True to its title, the film is chock-full of conversations – moral, practical, theological – that feel, more often than not, formulaic and dry. The characters are not simply mouthpieces for different sides of an argument, but neither are they fully realised. They are Salome (Claire Foy) and Mariche (Jesse Buckley), voicing righteous, satisfying anger; Greta (Sheila McCarthy) and Agata (Judith Ivey), interjecting with wisdom and pragmatism; two young girls whose presence reminds us of what’s at stake; and Ona (Rooney Mara), the philosopher, who turns their arguments over and over in her soliloquies, until they are smoothed into benevolent sentiment. If there were a main character, it would be Ona; but her equanimity is frustrating, and her monologuing perhaps the most jarringly monologue-like of the cast.
The performances are hindered by an approach to storytelling that is literal to the point of obnoxious. (A prime example: over a character’s rhapsodic plea that the community’s young teenage boys be allowed to go with the women should they leave, we see dreamy shots of boys playing in the fields and chatting warmly.) The film feels suspended in an unreal world, an effect only heightened by the inexplicable blue tint of the cinematography and the tedious shots of empty church pews and silent kitchens.
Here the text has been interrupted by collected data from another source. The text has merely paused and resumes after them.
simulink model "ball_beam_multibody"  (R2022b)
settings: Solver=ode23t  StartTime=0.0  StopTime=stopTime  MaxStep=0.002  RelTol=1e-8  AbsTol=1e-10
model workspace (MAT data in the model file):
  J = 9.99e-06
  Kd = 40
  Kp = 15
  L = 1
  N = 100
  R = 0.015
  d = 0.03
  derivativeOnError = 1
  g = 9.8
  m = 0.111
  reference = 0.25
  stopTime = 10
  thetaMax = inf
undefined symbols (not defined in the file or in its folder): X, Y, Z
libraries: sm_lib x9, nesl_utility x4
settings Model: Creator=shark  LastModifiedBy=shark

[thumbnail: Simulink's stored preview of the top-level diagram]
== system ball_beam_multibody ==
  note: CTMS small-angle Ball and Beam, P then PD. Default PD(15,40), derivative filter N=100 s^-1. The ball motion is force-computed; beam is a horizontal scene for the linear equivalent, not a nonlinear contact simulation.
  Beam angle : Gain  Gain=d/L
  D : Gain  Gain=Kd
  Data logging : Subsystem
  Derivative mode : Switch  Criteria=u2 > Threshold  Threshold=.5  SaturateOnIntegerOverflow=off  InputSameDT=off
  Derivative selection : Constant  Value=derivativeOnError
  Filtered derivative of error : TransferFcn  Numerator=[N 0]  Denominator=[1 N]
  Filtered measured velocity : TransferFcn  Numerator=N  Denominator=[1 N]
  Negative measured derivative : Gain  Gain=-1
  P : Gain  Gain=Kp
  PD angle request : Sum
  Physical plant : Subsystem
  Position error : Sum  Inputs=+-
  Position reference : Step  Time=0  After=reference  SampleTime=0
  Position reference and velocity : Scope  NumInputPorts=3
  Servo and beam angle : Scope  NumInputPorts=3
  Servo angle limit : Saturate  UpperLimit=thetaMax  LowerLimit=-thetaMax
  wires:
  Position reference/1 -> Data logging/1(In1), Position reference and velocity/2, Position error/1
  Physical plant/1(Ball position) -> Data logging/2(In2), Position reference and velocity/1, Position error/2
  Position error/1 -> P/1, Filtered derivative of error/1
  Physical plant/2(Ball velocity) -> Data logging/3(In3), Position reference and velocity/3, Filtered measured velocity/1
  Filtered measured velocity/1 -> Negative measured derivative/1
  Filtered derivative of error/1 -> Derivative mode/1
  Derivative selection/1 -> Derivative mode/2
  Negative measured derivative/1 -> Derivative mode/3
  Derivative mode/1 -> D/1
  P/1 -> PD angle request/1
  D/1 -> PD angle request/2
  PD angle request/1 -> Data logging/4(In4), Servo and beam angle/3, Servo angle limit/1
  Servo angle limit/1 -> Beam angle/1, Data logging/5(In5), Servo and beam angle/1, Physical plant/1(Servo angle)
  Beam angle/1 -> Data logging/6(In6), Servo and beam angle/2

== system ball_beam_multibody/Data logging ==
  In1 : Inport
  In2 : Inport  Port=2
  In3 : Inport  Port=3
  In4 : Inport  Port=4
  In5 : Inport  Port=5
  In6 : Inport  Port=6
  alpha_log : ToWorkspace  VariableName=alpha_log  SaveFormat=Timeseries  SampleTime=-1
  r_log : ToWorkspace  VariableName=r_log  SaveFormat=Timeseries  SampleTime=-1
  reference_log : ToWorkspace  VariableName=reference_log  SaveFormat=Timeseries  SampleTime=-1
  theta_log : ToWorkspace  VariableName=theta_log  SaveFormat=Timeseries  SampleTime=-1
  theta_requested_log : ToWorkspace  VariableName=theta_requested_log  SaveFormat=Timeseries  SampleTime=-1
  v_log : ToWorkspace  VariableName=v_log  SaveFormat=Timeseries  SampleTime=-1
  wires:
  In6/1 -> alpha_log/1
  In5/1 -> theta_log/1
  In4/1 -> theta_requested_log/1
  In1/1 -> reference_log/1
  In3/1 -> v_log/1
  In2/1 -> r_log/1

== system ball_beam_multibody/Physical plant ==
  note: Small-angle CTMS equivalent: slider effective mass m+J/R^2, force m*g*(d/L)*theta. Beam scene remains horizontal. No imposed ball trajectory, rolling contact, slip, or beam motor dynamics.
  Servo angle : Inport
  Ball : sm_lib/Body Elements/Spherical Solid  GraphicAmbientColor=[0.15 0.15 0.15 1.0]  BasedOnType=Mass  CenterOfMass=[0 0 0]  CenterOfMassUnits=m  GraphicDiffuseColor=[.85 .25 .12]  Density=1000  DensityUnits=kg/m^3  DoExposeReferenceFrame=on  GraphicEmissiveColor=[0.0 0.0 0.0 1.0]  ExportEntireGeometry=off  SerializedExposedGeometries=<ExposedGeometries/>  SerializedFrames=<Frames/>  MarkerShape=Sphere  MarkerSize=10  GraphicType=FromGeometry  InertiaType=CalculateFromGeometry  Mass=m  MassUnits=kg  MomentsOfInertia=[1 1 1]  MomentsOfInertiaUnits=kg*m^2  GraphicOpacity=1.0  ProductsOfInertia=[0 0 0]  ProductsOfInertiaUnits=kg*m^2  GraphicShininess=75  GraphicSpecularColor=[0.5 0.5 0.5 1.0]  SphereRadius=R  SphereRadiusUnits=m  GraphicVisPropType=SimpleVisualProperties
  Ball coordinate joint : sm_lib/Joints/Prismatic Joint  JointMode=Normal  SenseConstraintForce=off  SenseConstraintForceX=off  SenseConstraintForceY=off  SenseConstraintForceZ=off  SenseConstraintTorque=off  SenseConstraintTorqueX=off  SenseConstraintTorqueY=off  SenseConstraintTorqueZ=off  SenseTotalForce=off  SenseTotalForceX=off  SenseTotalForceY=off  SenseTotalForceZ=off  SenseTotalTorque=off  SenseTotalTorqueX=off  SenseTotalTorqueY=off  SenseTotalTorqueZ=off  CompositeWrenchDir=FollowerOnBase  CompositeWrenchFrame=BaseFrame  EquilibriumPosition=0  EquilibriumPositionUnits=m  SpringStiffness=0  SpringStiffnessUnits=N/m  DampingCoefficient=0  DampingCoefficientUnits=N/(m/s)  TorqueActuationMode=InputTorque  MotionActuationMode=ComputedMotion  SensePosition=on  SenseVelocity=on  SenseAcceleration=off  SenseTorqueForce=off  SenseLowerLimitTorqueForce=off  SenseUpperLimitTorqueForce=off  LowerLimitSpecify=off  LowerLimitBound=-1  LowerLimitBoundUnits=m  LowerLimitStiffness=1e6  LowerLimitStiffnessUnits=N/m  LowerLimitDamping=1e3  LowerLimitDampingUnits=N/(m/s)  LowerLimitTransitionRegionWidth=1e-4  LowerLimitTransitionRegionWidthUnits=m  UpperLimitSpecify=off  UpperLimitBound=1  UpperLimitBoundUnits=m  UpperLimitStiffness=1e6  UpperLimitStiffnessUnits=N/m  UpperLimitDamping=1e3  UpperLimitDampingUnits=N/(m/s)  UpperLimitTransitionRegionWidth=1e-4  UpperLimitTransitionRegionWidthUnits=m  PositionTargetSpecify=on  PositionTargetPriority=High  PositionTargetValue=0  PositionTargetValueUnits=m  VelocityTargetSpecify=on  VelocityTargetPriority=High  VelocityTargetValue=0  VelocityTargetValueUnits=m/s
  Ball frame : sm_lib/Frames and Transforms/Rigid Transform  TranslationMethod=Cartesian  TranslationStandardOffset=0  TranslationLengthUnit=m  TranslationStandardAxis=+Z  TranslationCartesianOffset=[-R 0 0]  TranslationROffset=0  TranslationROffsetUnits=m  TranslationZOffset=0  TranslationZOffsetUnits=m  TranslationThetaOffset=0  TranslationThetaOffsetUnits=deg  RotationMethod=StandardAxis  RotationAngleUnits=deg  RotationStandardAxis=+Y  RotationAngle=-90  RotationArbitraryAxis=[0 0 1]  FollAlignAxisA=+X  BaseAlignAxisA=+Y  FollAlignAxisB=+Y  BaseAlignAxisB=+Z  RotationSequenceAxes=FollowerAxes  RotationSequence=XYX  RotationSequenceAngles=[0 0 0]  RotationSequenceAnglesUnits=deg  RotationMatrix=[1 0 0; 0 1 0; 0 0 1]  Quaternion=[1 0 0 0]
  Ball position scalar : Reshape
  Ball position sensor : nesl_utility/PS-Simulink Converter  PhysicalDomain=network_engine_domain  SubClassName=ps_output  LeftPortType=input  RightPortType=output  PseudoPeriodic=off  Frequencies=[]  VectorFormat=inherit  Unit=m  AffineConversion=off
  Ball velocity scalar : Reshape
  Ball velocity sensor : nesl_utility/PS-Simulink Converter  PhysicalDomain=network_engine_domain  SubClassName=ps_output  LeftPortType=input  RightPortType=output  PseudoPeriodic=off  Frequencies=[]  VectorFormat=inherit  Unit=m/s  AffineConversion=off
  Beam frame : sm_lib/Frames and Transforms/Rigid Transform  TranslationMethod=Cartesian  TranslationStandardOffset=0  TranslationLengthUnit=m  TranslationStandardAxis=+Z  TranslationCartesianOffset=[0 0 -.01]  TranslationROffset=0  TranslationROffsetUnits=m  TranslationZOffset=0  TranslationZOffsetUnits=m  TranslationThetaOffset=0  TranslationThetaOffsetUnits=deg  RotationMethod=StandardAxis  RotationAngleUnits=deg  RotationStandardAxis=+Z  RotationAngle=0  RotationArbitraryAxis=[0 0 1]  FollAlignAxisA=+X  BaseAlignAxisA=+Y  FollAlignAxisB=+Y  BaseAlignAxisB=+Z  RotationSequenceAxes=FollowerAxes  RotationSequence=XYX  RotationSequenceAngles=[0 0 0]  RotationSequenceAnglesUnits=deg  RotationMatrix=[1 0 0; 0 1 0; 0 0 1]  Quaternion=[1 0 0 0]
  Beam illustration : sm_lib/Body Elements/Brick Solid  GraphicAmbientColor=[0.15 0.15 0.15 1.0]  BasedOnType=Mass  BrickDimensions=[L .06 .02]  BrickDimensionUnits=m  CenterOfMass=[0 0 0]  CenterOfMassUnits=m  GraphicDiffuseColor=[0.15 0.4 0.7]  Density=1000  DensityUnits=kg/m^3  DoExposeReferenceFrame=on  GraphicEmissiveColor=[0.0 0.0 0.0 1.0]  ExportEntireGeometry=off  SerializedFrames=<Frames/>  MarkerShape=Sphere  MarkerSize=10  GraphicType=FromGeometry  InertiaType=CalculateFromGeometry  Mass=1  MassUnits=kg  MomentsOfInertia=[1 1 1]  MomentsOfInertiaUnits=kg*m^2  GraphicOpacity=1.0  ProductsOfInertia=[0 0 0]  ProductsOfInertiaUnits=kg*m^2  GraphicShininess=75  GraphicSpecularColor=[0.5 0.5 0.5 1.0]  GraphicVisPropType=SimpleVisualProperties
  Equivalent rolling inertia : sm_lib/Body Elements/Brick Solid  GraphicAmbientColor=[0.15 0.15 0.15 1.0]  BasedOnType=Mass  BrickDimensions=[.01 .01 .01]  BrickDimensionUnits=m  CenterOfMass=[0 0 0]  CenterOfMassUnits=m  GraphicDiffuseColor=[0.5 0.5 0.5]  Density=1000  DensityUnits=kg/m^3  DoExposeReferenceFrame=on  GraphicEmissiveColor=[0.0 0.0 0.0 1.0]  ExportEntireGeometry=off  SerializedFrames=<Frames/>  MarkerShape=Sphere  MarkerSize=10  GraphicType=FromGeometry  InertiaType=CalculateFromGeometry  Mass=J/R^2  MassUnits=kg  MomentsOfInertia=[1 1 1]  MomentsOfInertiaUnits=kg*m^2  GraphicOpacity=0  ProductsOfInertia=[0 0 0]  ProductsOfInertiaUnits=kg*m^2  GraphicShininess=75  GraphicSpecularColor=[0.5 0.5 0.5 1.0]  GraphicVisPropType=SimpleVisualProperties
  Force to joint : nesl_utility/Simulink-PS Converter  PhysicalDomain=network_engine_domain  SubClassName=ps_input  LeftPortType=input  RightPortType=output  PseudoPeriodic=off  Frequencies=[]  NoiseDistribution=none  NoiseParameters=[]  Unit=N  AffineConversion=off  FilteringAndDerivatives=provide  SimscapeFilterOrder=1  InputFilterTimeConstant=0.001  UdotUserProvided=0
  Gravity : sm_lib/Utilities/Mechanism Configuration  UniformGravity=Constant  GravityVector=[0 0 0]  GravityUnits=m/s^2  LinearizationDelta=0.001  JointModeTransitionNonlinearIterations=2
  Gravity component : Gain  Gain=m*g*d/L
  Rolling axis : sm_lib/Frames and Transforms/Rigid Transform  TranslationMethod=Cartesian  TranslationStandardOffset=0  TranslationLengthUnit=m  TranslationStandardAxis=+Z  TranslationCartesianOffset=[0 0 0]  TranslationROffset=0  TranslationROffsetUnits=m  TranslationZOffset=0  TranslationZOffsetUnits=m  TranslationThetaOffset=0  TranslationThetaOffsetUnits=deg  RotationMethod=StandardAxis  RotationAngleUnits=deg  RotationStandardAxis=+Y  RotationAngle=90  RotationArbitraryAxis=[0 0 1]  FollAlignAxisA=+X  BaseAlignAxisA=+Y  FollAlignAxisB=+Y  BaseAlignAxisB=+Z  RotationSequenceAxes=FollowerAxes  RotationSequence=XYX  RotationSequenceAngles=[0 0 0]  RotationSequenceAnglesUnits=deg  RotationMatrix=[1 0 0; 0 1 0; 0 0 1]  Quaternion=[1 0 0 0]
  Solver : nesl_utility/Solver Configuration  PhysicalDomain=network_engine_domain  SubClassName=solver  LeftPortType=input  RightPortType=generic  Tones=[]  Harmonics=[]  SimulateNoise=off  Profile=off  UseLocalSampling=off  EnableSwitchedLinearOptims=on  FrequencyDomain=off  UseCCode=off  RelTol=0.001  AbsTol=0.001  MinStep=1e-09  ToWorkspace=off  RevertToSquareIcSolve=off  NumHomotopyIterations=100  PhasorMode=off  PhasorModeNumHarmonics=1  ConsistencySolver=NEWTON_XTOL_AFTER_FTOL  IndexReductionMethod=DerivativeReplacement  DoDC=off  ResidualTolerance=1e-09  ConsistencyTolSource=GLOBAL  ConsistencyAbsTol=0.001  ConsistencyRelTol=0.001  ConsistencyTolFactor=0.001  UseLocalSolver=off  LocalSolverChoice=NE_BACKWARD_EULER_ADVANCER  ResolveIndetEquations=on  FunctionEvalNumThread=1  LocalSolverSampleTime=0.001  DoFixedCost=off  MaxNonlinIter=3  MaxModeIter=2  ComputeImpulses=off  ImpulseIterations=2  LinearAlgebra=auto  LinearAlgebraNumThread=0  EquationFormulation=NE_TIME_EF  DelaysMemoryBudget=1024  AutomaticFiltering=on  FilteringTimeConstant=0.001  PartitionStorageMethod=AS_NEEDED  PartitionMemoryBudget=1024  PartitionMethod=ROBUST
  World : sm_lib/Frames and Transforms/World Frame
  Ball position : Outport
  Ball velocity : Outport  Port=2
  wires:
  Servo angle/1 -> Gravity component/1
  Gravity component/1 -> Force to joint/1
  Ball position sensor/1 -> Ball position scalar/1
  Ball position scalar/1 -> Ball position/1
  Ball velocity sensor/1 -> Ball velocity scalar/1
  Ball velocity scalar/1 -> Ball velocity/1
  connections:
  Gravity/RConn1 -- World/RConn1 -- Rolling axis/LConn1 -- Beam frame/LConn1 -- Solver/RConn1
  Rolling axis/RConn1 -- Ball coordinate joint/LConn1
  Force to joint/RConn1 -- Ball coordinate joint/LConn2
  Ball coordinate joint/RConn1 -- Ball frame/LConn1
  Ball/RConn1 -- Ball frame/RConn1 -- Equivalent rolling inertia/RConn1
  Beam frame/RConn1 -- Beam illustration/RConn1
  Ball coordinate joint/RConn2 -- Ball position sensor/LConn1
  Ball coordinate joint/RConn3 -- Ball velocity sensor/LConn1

And though the film is based on a real story – for her 2018 novel of the same name, Miriam Toews was inspired by a Mennonite community in Bolivia where over a hundred women reported being assaulted by men in the community – it cannot transcend the inherent artificiality of allegory. It feels as isolated from its real-world analogue – the #MeToo movement and the revelations of sexual misconduct in the film industry – as the colony is from the outside world.
But Polley’s investment in the material is genuine. As a child actor, she was exposed early to the industry’s disregard for women and children’s safety, and to the way men in power are protected. As a director, she has chosen projects about the repercussions of repressing abuse (Alias Grace, 2017) and the stifling nature of domesticity (Take This Waltz, 2011). It is difficult to dismiss Women Talking as schematic when Polley herself has grappled with its core questions. In her book of essays released last year, Run Towards the Danger, Polley describes her decision to not speak publicly about her experience with Jian Ghomeshi, the Canadian radio host who was accused by three women (and acquitted in 2016) of sexual assault. She wondered if she would be believed, if she would be strong enough to withstand the response.
Women Talking is above all a fantasy: look what we could accomplish if we allowed for collective thought and action; if we could gather and talk openly. In her memoir, Polley describes drawing comfort from the image of an army of women behind her, and Women Talking gets to enact this solidarity in a rousing final scene as all the women move towards their fate together. But we’re left with the impression that the film is less interested in inspiring collective action than in aspiring to critical consensus.
► Women Talking is in UK cinemas now.